I was looking forward to a career in mathematics or chemistry. Those were my favorite subjects. I like solving mathematical problems and I look forward to experiment with the chemicals bought from the drugstore.

Then one day I came upon a Reader Digest condensed novel ” Not as a stranger”.
It was all about a poor medical student who became an assistant to a Family Doctor and eventually took over the family doctor’s practice.
It was inspirational.

Then came medical TV serials such as Marcus Welby M.D
Ben Casey, Dr Kildare , Doctor in the House.
I resolve that I would try to be a good family Doctor.

My mother whose older brother was a doctor in China encouraged me to take up medicine.

So it was at the tender age of 18 years, I entered the medical faculty of the university of Singapore.

The first day was a nightmare.
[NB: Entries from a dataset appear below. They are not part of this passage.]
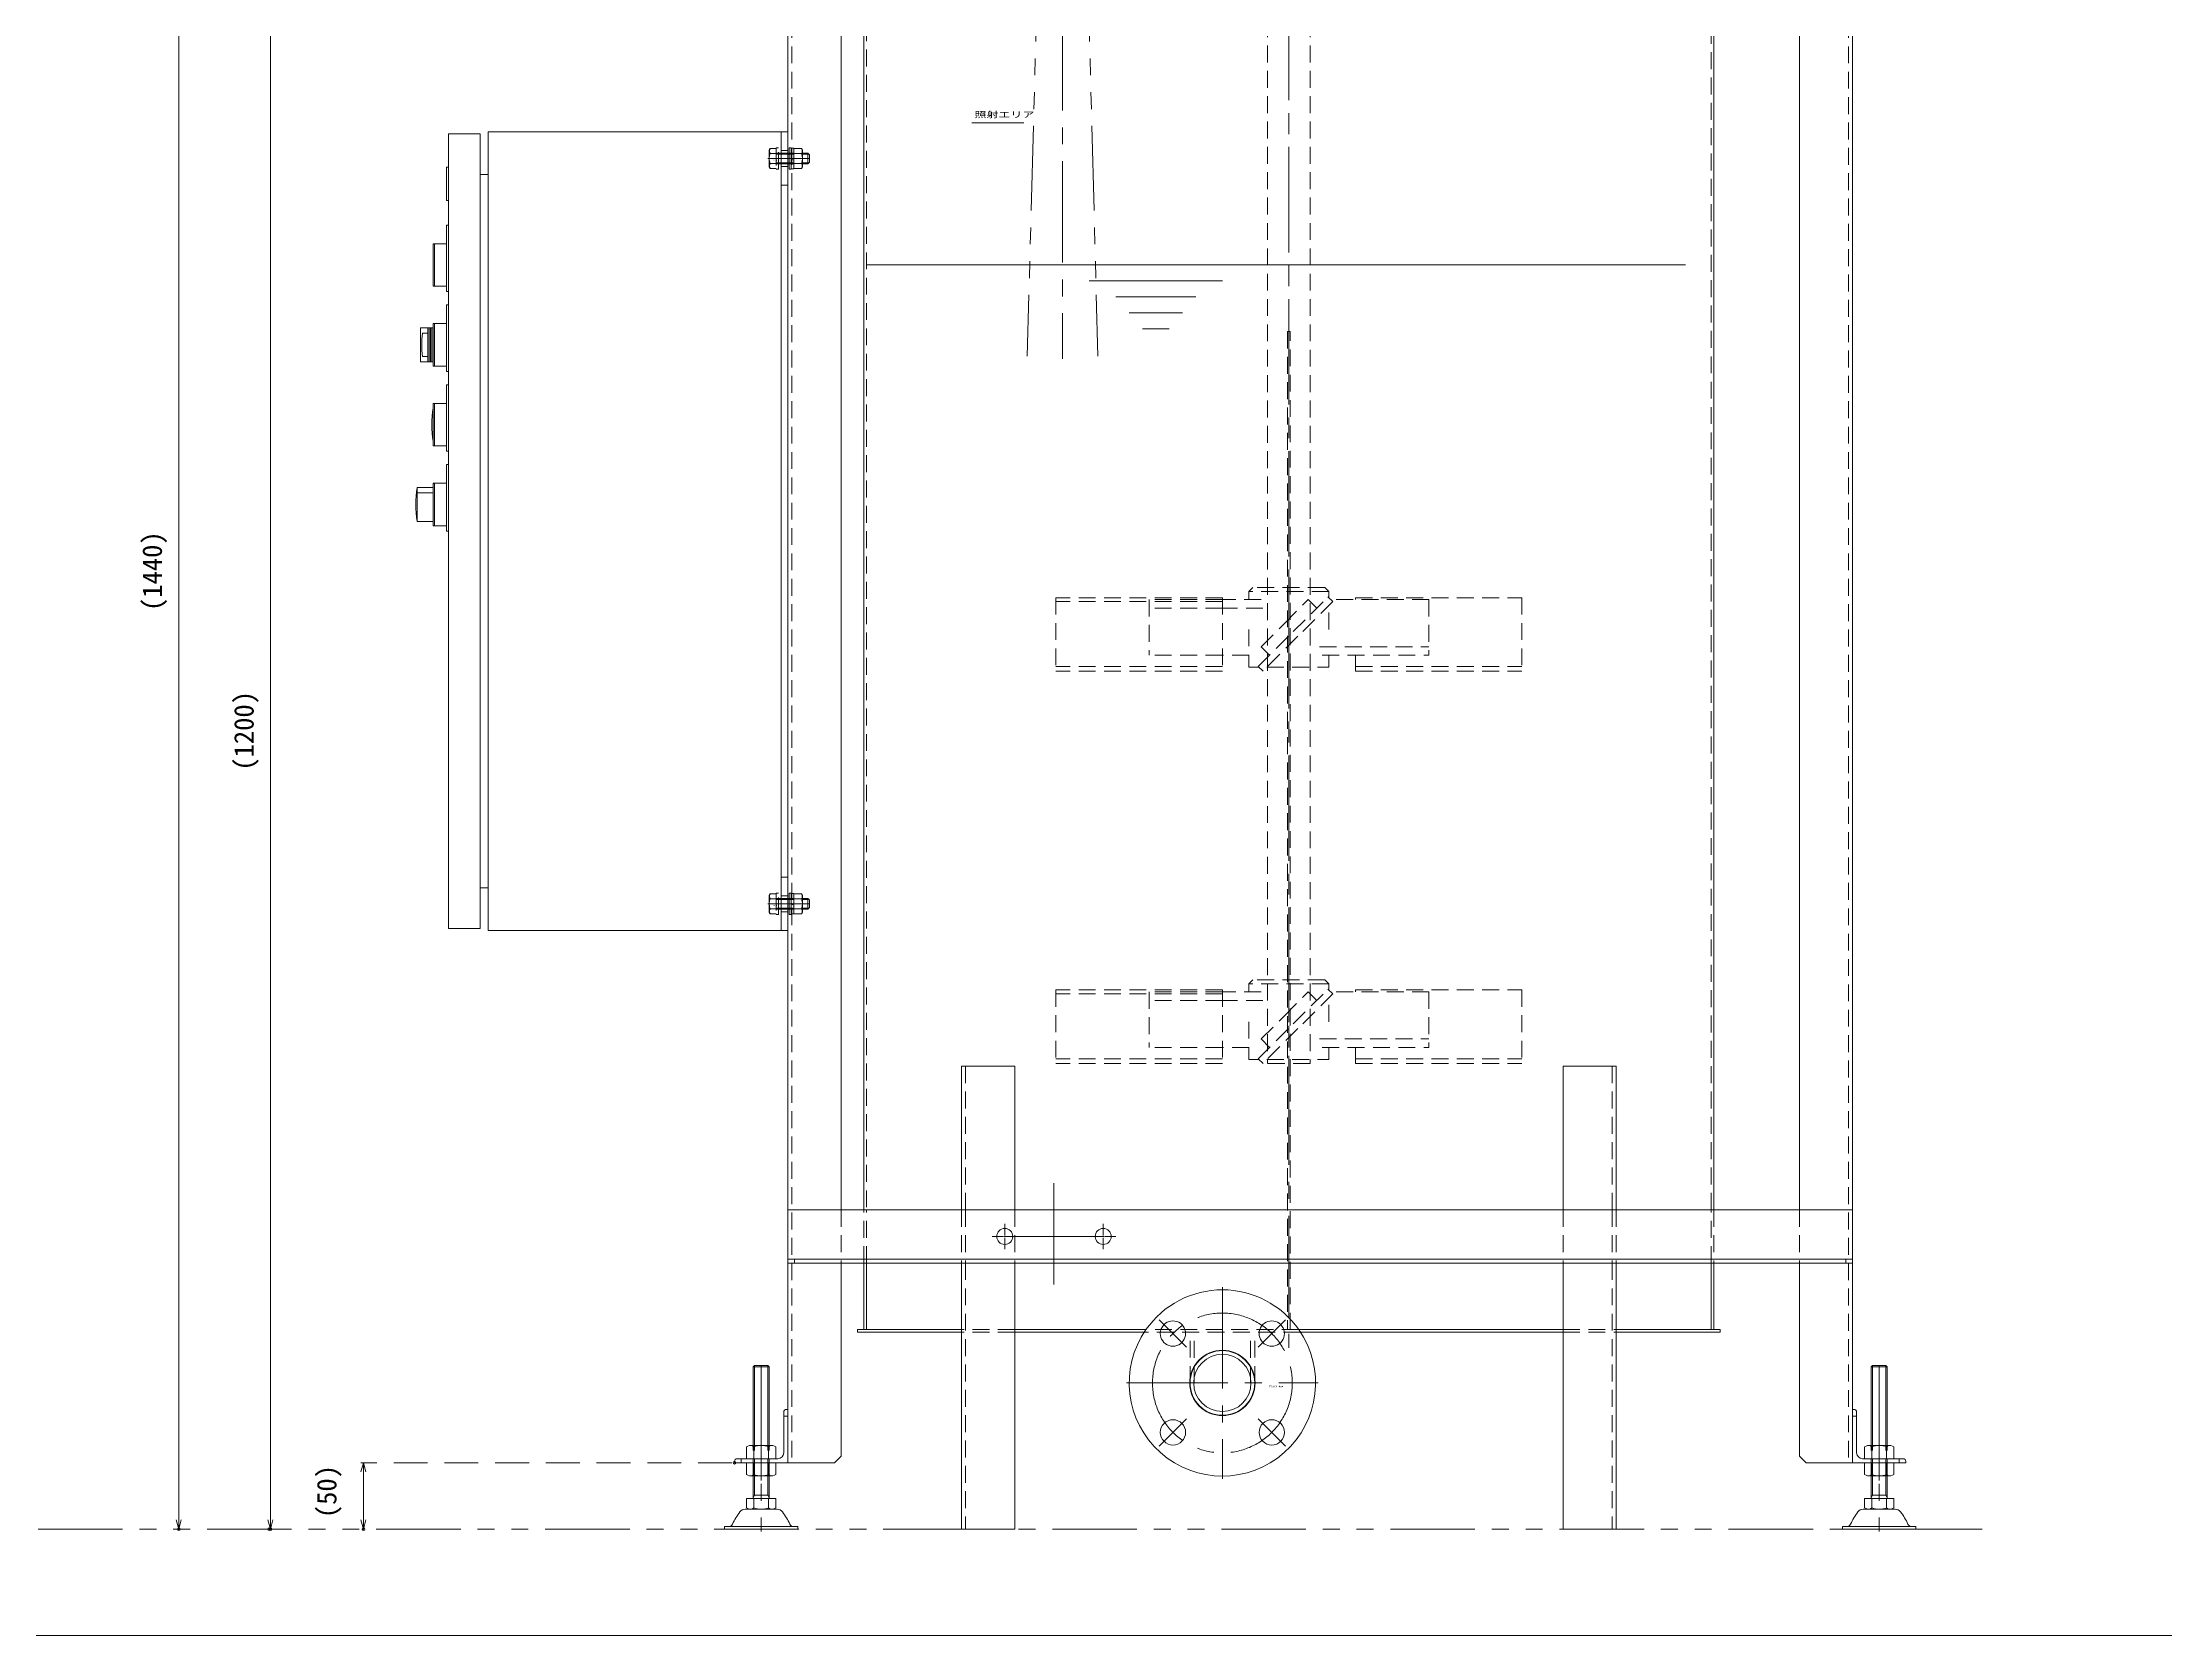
# Model space of a CAD drawing. Units: millimetres at full size. Extents: x -34906 to 7411, y -8440 to 3030.
# Drawn here: x -264 to 1331, y -4654 to -3457 of the extents above; entities that cross this region are included whole.
import ezdxf
from ezdxf.enums import TextEntityAlignment as Align

# ---------------------------------------------------------------- set-up
doc = ezdxf.new("R2010")
doc.units = ezdxf.units.MM
doc.header["$LTSCALE"] = 4
doc.header["$PDMODE"] = 32
doc.header["$PDSIZE"] = 2
for name, pattern in [('USER1', [28.575, 19.05, -3.175, 3.175, -3.175]), ('USER2', [9.525, 6.35, -3.175]), ('USER3', [31.75, 15.875, -3.175, 3.175, -3.175, 3.175, -3.175]), ('USER4', [4.7625, 3.175, -1.5875])]:
    doc.linetypes.add(name, pattern=pattern)
for name, color, linetype, lineweight in [('0-1_Defpoints', 7, 'Continuous', 18), ('0-2_01_外形線', 7, 'Continuous', 18), ('0-3_04_中心線', 7, 'USER1', 9), ('0-5_07_寸法線', 7, 'Continuous', 9), ('0-6_02_細線', 5, 'Continuous', 18), ('0-8_05_仮想線', 2, 'Continuous', 18), ('0-A_03_かくれ線', 6, 'USER4', 18)]:
    doc.layers.add(name, color=color, linetype=linetype, lineweight=lineweight)
doc.styles.add('ＭＳ ゴシック', font='')
doc.styles.get('ＭＳ ゴシック').set_extended_font_data('MS Gothic')

msp = doc.modelspace()

# ---------------------------------------------------------------- linework, layer by layer
at = {"layer": '0-1_Defpoints'}
msp.add_lwpolyline([(-2161.145, -4654.49), (1410.536, -4654.49), (1410.536, -2129.059), (-2161.145, -2129.059)], close=True, dxfattribs=at)
at = {"layer": '0-2_01_外形線'}
for p, q in [((352.714, -4334.586), (352.714, -3424.586)), ((991.352, -4334.586), (991.352, -3424.586)), ((290.533, -3524.582), (70.533, -3524.582)), ((70.533, -3524.582), (70.533, -4124.582)), ((290.533, -3524.582), (290.533, -4124.582)), ((40.533, -3526.082), (40.533, -4123.082)), ((64.533, -3526.082), (40.533, -3526.082)), ((64.533, -3526.082), (64.533, -4123.082)), ((296.512, -3536.582), (296.512, -3552.582)), ((298.112, -3536.582), (296.512, -3536.582)), ((298.112, -3552.582), (298.112, -3536.582)), ((298.112, -3536.882), (298.112, -3544.182)), ((298.112, -3536.882), (300.112, -3536.882)), ((300.112, -3536.882), (300.112, -3544.91)), ((300.112, -3537.076), (300.112, -3552.088)), ((300.112, -3540.829), (305.887, -3540.829)), ((306.612, -3538.332), (306.612, -3550.832)), ((306.612, -3540.582), (310.712, -3540.582)), ((310.712, -3548.582), (310.712, -3540.582)), ((310.712, -3540.582), (311.612, -3541.482)), ((70.533, -3556.582), (64.533, -3556.582)), ((298.112, -3552.582), (296.512, -3552.582)), ((298.112, -3544.182), (300.112, -3544.91)), ((298.112, -3544.982), (298.112, -3552.282)), ((298.112, -3544.982), (300.112, -3545.71)), ((300.112, -3552.282), (298.112, -3552.282)), ((300.112, -3545.71), (300.112, -3552.282)), ((300.112, -3548.335), (305.887, -3548.335)), ((306.612, -3548.582), (310.712, -3548.582)), ((310.712, -3548.582), (311.612, -3547.682)), ((311.612, -3541.482), (311.912, -3541.782)), ((311.612, -3547.682), (311.912, -3547.382)), ((311.912, -3547.382), (311.912, -3541.782)), ((40.533, -3576.082), (39.033, -3576.082)), ((39.033, -3608.582), (29.033, -3608.582)), ((29.033, -3608.582), (29.033, -3640.582)), ((30.033, -3608.582), (30.033, -3640.582)), ((39.033, -3640.582), (29.033, -3640.582)), ((40.533, -3644.582), (39.033, -3644.582)), ((29.033, -3671.894), (19.526, -3671.894)), ((19.526, -3671.894), (19.526, -3697.27)), ((24.533, -3675.909), (21.071, -3675.909)), ((25.033, -3671.894), (25.033, -3697.27)), ((26.033, -3671.894), (26.033, -3697.27)), ((27.033, -3671.894), (27.033, -3697.27)), ((28.033, -3671.894), (28.033, -3697.27)), ((39.033, -3668.582), (29.033, -3668.582)), ((29.033, -3668.582), (29.033, -3700.582)), ((30.033, -3668.582), (30.033, -3700.582)), ((29.033, -3697.27), (19.526, -3697.27)), ((24.533, -3693.255), (21.071, -3693.255)), ((39.033, -3700.582), (29.033, -3700.582)), ((40.533, -3704.582), (39.033, -3704.582)), ((39.033, -3728.582), (29.033, -3728.582)), ((29.033, -3728.582), (29.033, -3760.582)), ((30.033, -3728.582), (30.033, -3760.582)), ((39.033, -3760.582), (29.033, -3760.582)), ((40.533, -3764.582), (39.033, -3764.582)), ((29.033, -3791.894), (17.033, -3791.894)), ((17.033, -3791.894), (17.033, -3817.27)), ((29.033, -3795.909), (17.033, -3795.909)), ((39.033, -3788.582), (29.033, -3788.582)), ((29.033, -3788.582), (29.033, -3820.582)), ((30.033, -3788.582), (30.033, -3820.582)), ((29.033, -3817.27), (17.033, -3817.27)), ((39.033, -3820.582), (29.033, -3820.582)), ((40.533, -3824.582), (39.033, -3824.582)), ((70.533, -4092.582), (64.533, -4092.582)), ((296.512, -4096.582), (296.512, -4112.582)), ((298.112, -4096.582), (296.512, -4096.582)), ((298.112, -4112.582), (298.112, -4096.582)), ((298.112, -4096.882), (298.112, -4104.182)), ((298.112, -4096.882), (300.112, -4096.882)), ((300.112, -4096.882), (300.112, -4104.91)), ((300.112, -4097.076), (300.112, -4112.088)), ((306.612, -4098.332), (306.612, -4110.832)), ((298.112, -4112.582), (296.512, -4112.582)), ((298.112, -4104.182), (300.112, -4104.91)), ((298.112, -4104.982), (298.112, -4112.282)), ((298.112, -4104.982), (300.112, -4105.71)), ((300.112, -4112.282), (298.112, -4112.282)), ((300.112, -4100.829), (305.887, -4100.829)), ((300.112, -4105.71), (300.112, -4112.282)), ((300.112, -4108.335), (305.887, -4108.335)), ((306.612, -4100.582), (310.712, -4100.582)), ((306.612, -4108.582), (310.712, -4108.582)), ((310.712, -4108.582), (310.712, -4100.582)), ((310.712, -4100.582), (311.612, -4101.482)), ((310.712, -4108.582), (311.612, -4107.682)), ((311.612, -4101.482), (311.912, -4101.782)), ((311.612, -4107.682), (311.912, -4107.382)), ((311.912, -4107.382), (311.912, -4101.782)), ((64.533, -4123.082), (40.533, -4123.082)), ((290.533, -4124.582), (70.533, -4124.582)), ((1095.533, -4371.586), (295.533, -4371.586)), ((300.533, -4371.586), (300.533, -4374.586)), ((352.714, -4374.586), (352.714, -4424.586)), ((354.714, -4374.586), (354.714, -4424.586)), ((989.352, -4374.586), (989.352, -4424.586)), ((991.352, -4374.586), (991.352, -4424.586)), ((1090.533, -4371.586), (1090.533, -4374.586)), ((348.033, -4424.586), (348.033, -4426.586)), ((426.085, -4424.586), (348.033, -4424.586)), ((426.085, -4426.586), (348.033, -4426.586)), ((564.657, -4424.586), (466.085, -4424.586)), ((563.31, -4426.586), (466.085, -4426.586)), ((877.981, -4424.586), (679.409, -4424.586)), ((877.981, -4426.586), (680.756, -4426.586)), ((996.033, -4424.586), (917.981, -4424.586)), ((269.533, -4452.534), (270.48, -4451.587)), ((269.533, -4452.534), (281.533, -4452.534)), ((269.533, -4452.534), (269.533, -4511.586)), ((270.48, -4451.587), (280.586, -4451.587)), ((280.586, -4451.587), (281.533, -4452.534)), ((281.533, -4452.534), (281.533, -4511.586)), ((1109.533, -4452.534), (1110.48, -4451.587)), ((1109.533, -4452.534), (1121.533, -4452.534)), ((1109.533, -4452.534), (1109.533, -4511.586)), ((1110.48, -4451.587), (1120.586, -4451.587)), ((1120.586, -4451.587), (1121.533, -4452.534)), ((1121.533, -4452.534), (1121.533, -4511.586)), ((292.533, -4486.586), (292.533, -4517.086)), ((295.533, -4489.586), (292.533, -4489.586)), ((295.533, -4484.586), (294.533, -4484.586)), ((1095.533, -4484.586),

Entering the dept of Anatomy, I was presented with a large hall of corpses and the strong smell of formaldehyde.
Suddenly the dream of being a doctor became a nightmare of looking at & cutting up of a dry preserved corpse for the next 18 months.

In the meantime there were the endless lectures of anatomy, physiology and biochemistry.
Life became rather rushed. Unlike other undergraduates, we were studying through out the whole year with 4 semesters instead of the 3 semesters in the Arts and Science faculty and 2 weeks break in between.

There were daily taking notes of complaints of patients and examinations of patients. There were also procedures like drawing blood from patients, watching surgical procedure done by eminent surgeons, doing minor surgical procedures like removing small lumps and bumps, stitching of cuts and cleaning of wounds.

The most important assignment was the “catching” of 20 babies at the Kandang Kerbau Maternity Hospital (the biggest baby factory in the world in the 1970’s) or the delivery of 20 babies in the hospital by natural birth.

So it was after 5 years of tutorial and practical medicine that I finally graduated as a medical doctor.
Even then I had only 1 month rest before being called up for
my housemanship – a compulsory year of working in the hospital before becoming a fully registered doctor.